His extensive experience in this field includes the following:

From 2005 – 2009, he was principally engaged as Counsel to the Rosemary Nelson Inquiry which examined claims of State involvement in the murder of a high-profile lawyer in Northern Ireland. He led a team of seven Counsel and conducted the Inquiry’s hearings in Belfast in 2008 – 2009.

He represented the Mayor’s Office for Policing and Crime in the Leveson Inquiry and advised the Mid-Staffs Inquiry on procedural issues.

In 2012, he was appointed a specialist adviser to the Parliamentary Commission on Banking Standards. In that role, he conducted the first questioning on behalf of the Commission – a Parliamentary and constitutional first.

He was instructed by the specialist public inquiries team at Eversheds LLP to represent the Ecclesiastical Insurance Office (EIO), a Core Participant in the Anglican Church investigation conducted by the Independent Inquiry into Child Sexual Abuse. The EIO is the liability insurer of the vast majority of Anglican churches. He also represented the EIO as a Core Participant in the Inquiry’s Residential Schools and Accountability and Reparations investigations. The Inquiry’s final report was published on 20 October 2022.

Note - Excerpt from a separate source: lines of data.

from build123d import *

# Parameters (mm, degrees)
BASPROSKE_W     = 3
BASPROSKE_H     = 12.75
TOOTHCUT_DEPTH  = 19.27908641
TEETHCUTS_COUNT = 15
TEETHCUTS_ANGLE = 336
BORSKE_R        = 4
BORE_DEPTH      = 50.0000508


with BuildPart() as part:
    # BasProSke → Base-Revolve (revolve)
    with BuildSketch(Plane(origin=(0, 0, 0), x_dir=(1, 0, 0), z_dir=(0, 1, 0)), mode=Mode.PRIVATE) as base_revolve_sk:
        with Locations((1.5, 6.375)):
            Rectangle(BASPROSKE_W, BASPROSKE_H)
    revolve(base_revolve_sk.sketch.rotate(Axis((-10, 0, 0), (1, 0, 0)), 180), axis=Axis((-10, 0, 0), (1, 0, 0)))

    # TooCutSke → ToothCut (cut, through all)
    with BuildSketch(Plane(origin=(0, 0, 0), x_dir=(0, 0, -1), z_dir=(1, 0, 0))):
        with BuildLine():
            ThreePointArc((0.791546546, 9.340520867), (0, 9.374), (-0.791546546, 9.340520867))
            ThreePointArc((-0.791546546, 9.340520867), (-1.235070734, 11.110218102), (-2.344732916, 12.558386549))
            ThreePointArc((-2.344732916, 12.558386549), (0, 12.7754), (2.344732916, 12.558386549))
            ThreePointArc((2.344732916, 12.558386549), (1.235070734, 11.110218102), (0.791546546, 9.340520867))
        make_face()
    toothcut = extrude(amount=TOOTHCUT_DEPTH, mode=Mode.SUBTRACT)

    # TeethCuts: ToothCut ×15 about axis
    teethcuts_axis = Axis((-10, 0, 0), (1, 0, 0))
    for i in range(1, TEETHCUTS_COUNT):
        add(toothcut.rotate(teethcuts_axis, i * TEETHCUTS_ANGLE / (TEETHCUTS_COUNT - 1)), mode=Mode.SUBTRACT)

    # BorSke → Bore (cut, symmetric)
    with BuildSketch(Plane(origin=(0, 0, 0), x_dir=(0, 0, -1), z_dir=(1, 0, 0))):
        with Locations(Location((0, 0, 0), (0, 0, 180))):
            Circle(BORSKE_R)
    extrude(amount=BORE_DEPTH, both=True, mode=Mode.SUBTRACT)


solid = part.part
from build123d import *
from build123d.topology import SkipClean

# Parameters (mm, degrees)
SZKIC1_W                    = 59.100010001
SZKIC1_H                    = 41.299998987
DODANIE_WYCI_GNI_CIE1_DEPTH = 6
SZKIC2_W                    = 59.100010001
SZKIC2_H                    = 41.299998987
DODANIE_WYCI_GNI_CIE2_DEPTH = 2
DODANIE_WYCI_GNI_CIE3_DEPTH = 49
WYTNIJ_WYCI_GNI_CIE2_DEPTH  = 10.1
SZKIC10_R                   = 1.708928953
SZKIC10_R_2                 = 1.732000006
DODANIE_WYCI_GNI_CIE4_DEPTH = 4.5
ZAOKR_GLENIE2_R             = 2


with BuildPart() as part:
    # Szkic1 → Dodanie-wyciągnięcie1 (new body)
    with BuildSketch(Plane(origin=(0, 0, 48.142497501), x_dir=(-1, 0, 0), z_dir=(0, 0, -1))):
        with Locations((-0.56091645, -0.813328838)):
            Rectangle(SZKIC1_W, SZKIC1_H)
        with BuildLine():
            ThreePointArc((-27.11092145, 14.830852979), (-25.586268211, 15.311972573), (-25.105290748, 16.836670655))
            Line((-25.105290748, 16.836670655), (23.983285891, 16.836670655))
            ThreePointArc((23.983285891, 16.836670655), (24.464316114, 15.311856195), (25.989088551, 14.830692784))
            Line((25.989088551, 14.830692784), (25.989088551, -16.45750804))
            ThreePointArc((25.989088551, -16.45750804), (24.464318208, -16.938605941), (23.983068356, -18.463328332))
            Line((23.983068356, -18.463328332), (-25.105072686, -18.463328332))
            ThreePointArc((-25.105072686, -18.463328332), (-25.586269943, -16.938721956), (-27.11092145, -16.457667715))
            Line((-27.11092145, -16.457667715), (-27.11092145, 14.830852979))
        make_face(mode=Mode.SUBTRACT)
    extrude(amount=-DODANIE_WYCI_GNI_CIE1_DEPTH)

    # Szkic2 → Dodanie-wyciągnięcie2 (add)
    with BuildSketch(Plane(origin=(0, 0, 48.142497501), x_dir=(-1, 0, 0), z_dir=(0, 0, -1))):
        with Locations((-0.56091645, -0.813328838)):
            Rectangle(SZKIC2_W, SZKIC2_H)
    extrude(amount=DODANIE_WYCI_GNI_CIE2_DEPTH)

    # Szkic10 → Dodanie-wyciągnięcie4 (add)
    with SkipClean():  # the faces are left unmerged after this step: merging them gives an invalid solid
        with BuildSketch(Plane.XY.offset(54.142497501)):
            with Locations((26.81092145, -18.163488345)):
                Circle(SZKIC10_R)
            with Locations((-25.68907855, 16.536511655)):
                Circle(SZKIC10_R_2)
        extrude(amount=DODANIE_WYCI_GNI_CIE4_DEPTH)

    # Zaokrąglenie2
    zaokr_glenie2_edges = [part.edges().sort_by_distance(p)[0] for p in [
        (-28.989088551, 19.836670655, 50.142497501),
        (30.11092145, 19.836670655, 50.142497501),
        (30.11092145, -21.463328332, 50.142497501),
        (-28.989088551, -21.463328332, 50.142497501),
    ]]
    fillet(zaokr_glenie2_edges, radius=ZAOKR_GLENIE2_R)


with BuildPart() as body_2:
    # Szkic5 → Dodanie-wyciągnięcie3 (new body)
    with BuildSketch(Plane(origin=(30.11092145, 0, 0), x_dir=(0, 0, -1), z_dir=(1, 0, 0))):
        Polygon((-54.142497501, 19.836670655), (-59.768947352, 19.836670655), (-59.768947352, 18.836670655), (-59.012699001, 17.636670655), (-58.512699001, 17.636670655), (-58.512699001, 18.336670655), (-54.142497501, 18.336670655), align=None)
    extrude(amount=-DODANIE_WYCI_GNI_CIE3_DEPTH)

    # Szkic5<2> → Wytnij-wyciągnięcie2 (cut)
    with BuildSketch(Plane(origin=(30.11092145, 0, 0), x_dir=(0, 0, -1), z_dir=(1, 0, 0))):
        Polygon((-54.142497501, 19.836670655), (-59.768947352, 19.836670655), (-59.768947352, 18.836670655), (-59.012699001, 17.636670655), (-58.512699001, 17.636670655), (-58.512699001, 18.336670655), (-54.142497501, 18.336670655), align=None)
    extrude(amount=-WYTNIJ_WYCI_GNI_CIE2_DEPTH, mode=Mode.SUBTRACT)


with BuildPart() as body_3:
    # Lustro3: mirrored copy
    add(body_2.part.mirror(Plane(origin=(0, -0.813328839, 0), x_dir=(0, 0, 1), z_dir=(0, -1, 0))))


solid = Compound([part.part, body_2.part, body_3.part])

In 2019, he led the Counsel team which acted for and advised Sir Ross Cranston in his Review of the Customer Review established by Lloyds Bank to compensate customers for losses arising as a result of fraud at the HBOS Impaired Assets office in Reading.

For over 25 years, he has been involved in a series of cases arising out of disputes and problems in the insurance and reinsurance market.

Insurance issues are also a regular feature of his work in other specialist areas, for example his financial services and regulatory work, his work for the EIO in the Independent Inquiry into Child Sexual Abuse and his professional negligence work.

He has acted for Claimants and Defendants in many types of professional negligence cases, ranging from actuaries to auctioneers. He has developed a particular expertise in brokers’ cases, which is a logical extension of his insurance and reinsurance work.

Rory is regularly asked to draw on his huge experience of managing very substantial litigation in providing strategic advice to private clients, whether high net worth individuals or corporations, in high value and high-profile litigation, often with a multi-jurisdictional dimension.